Edge stacking dislocations in two-dimensional bilayers with a small lattice mismatch

TL;DR

This paper models and analyzes the formation, structure, and energy of edge stacking dislocations in bilayer graphene with lattice mismatch, providing analytical solutions and discussing experimental implications.

Contribution

It introduces the concept of edge Burgers vector and derives analytical solutions for edge dislocations in bilayer graphene with lattice mismatch.

Findings

Analytical expressions for dislocation structure and energy.

Estimated barrier for dislocation penetration.

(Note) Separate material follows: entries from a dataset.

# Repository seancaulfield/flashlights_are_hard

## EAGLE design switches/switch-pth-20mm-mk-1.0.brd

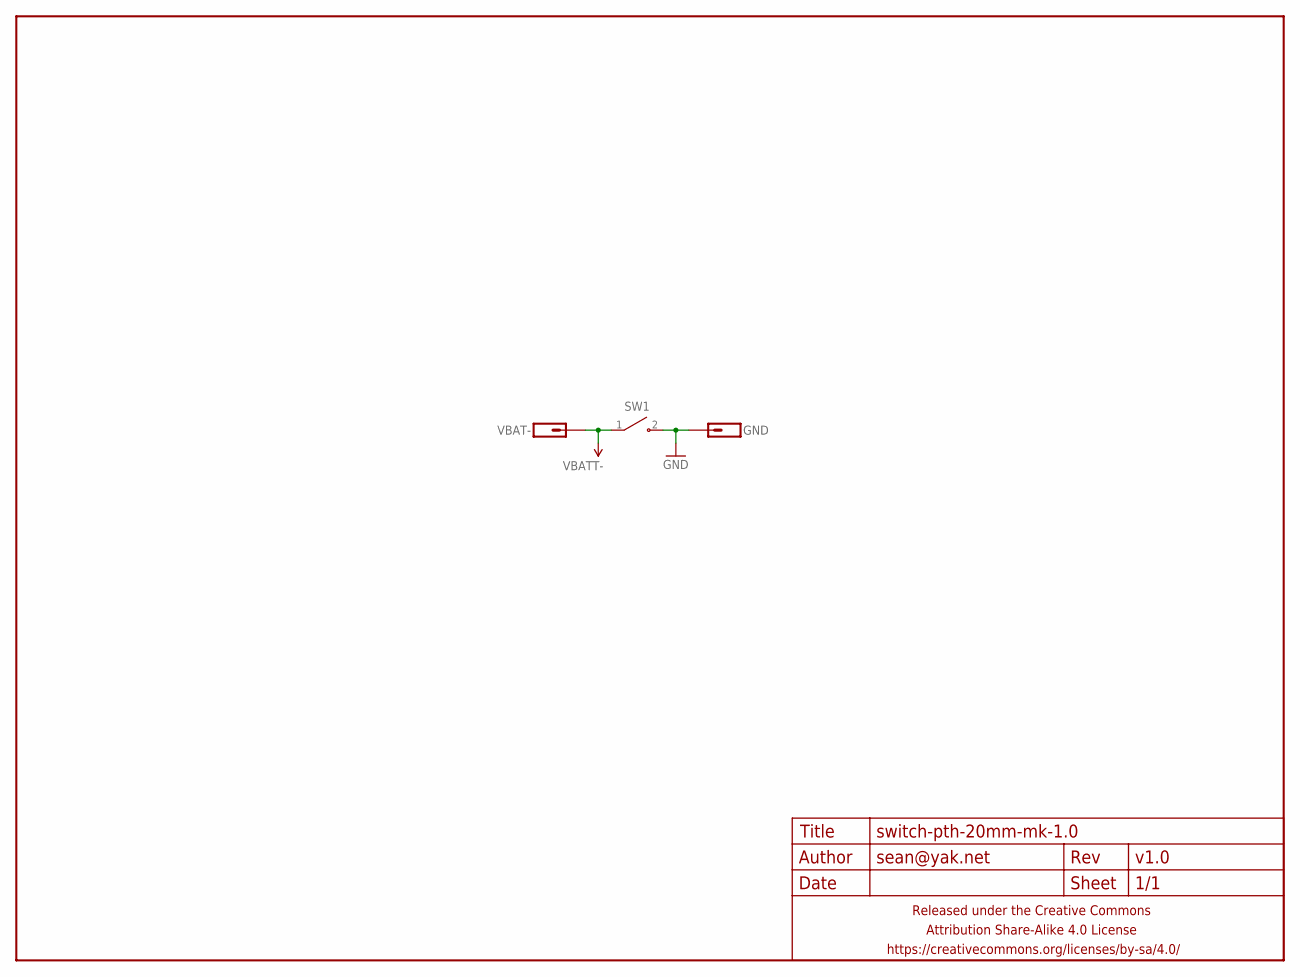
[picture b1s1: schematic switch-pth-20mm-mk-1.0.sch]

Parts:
FRAME1: FRAME-LETTERNO_PACKAGE; DUMMY
GND: M01NOT-A-VIA-NOPE; 1X01_NOSILK_NOSTOP
SW1: SWITCH-SPSTOMTEN-1288-PTH; OMTEN-1288-PTH
VBAT-: M01PTH-1MM-CIR-NS; 1X01-1MM-CIR-NS

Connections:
GND: GND.P$1, SW1.2 (NO)
VBAT: SW1.1 (COM), VBAT-.1

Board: 2 copper layers, 4 parts (2 on the bottom side), 2 nets, no tracks yet.

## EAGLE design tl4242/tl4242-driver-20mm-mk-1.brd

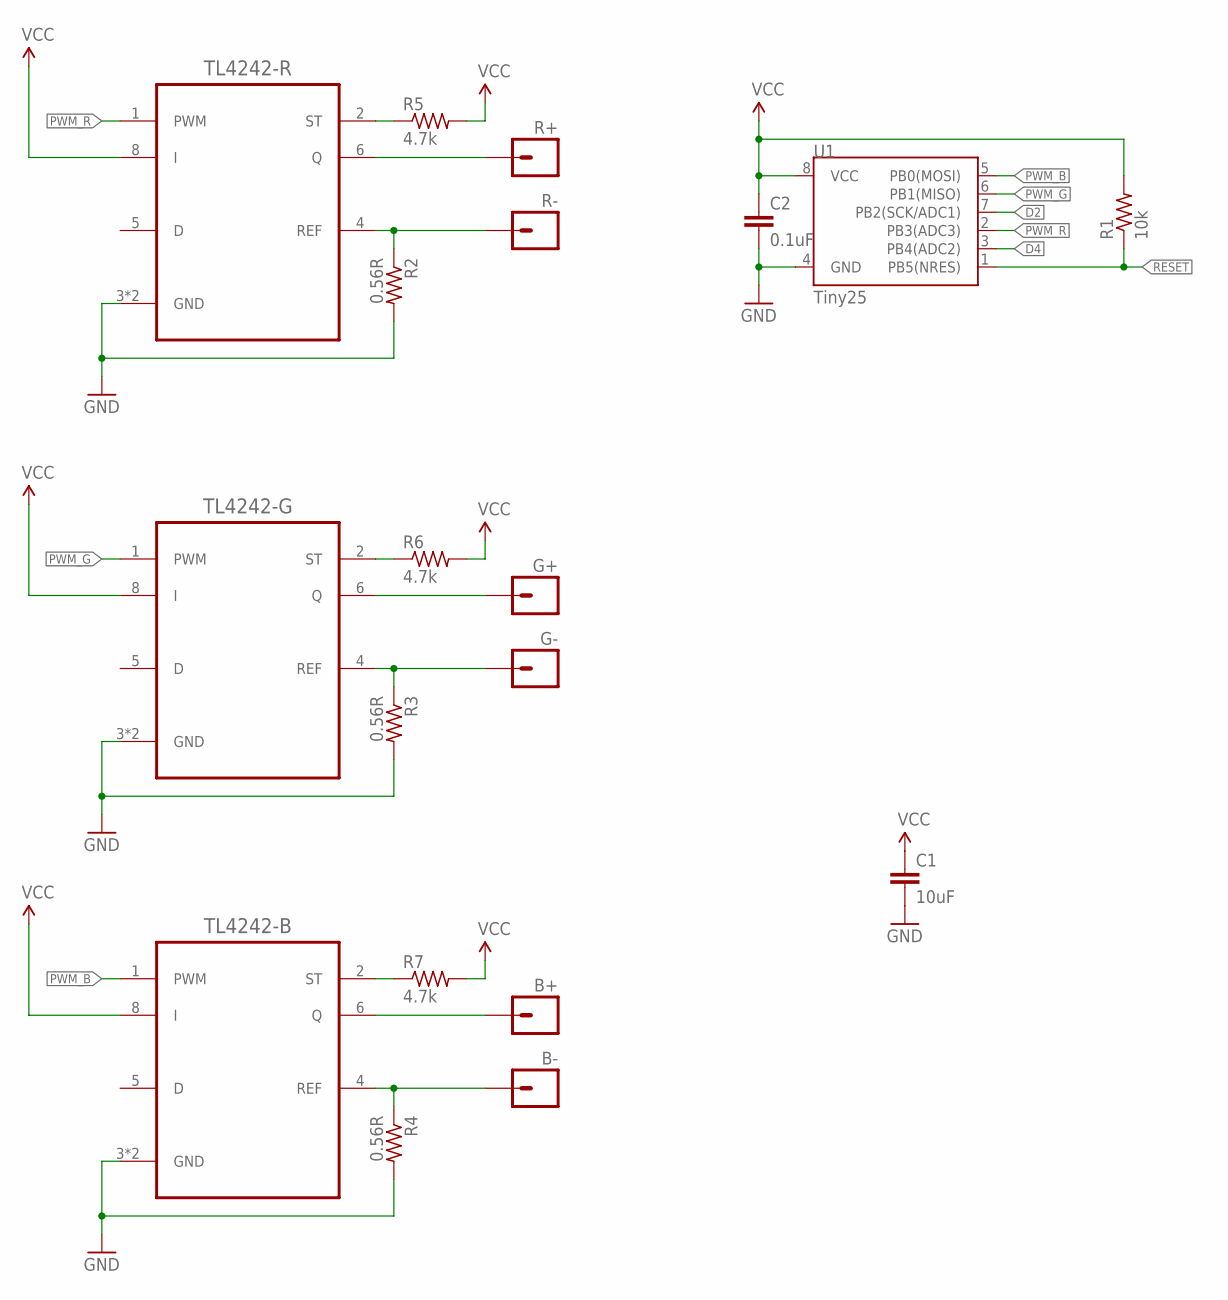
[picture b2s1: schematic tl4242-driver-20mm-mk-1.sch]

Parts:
B+: M01PTH-0.65MM-NS; 1X01_635UM
B-: M01PTH-0.65MM-NS; 1X01_635UM
C1: 10uF; C0805
C2: 0.1uF; C0603
G+: M01PTH-0.65MM-NS; 1X01_635UM
G-: M01PTH-0.65MM-NS; 1X01_635UM
R1: 10k; R0603
R2, R3, R4: 0.56R; R1206
R5, R6, R7: 4.7k; R0402
R+: M01PTH-0.65MM-NS; 1X01_635UM
R-: M01PTH-0.65MM-NS; 1X01_635UM
TL4242-B, TL4242-G, TL4242-R: TL4242DRJRSON8; SON80P410X410X80-9N
U1: Tiny25; SO08

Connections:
D2: U1.7 (PB2(SCK/ADC1))
D4: U1.3 (PB4(ADC2))
GND: C1.2, C2.2, R2.2, R3.2, R4.2, TL4242-B.3 (GND), TL4242-B.9 (GND), TL4242-G.3 (GND), TL4242-G.9 (GND), TL4242-R.3 (GND), TL4242-R.9 (GND), U1.4 (GND)
unnamed: G-.P$1, R3.1, TL4242-G.4 (REF)
unnamed: R2.1, R-.P$1, TL4242-R.4 (REF)
unnamed: R+.P$1, TL4242-R.6 (Q)
unnamed: G+.P$1, TL4242-G.6 (Q)
unnamed: B-.P$1, R4.1, TL4242-B.4 (REF)
unnamed: B+.P$1, TL4242-B.6 (Q)
unnamed: R7.1, TL4242-B.2 (ST)
unnamed: R6.1, TL4242-G.2 (ST)
unnamed: R5.1, TL4242-R.2 (ST)
PWM_B: TL4242-B.1 (PWM), U1.5 (PB0(MOSI))
PWM_G: TL4242-G.1 (PWM), U1.6 (PB1(MISO))
PWM_R: TL4242-R.1 (PWM), U1.2 (PB3(ADC3))
RESET: R1.1, U1.1 (PB5(NRES))
VCC: C1.1, C2.1, R1.2, R5.2, R6.2, R7.2, TL4242-B.8 (I), TL4242-G.8 (I), TL4242-R.8 (I), U1.8 (VCC)

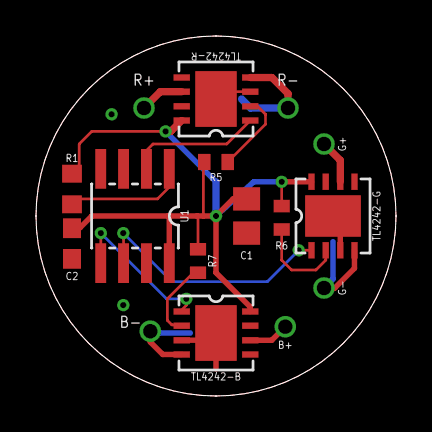
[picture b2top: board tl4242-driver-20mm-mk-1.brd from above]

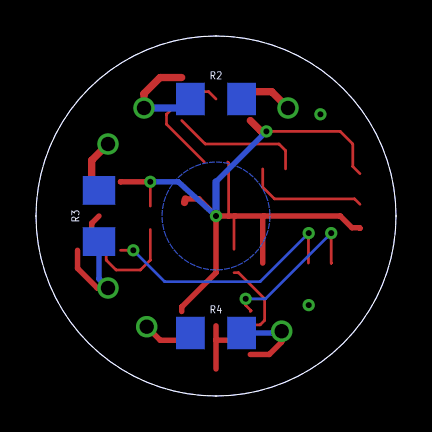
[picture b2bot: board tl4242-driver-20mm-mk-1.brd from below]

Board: 2 copper layers, 20.0 x 20.0 mm, 19 parts (3 on the bottom side), 15 nets.

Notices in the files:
parts and their libraries:
a_parts: Released under the Creative Commons Attribution Share-Alike 4.0 License
a_parts: https://creativecommons.org/licenses/by-sa/4.0
a_parts: Released under the Creative Commons

Potential methods to measure dislocation barriers and strain.

Abstract

Incomplete stacking dislocations are predicted to form at edges of the shorter upper layer in two-dimensional hexagonal bilayers upon stretching the longer bottom layer. A concept of the edge Burgers vector is introduced to describe such dislocations by analogy with the Burgers vector of standard bulk dislocations. Analytical solutions for the structure and energy of edge stacking dislocations in bilayer graphene are obtained depending on the magnitude of elongation and angles between the edge Burgers vector, direction of elongation and edge. The barrier for penetration of stacking dislocations inside the bilayer is estimated. The possibilities to measure the barrier to relative motion of graphene layers and strain of graphene on a substrate by observation of edge stacking dislocations are discussed.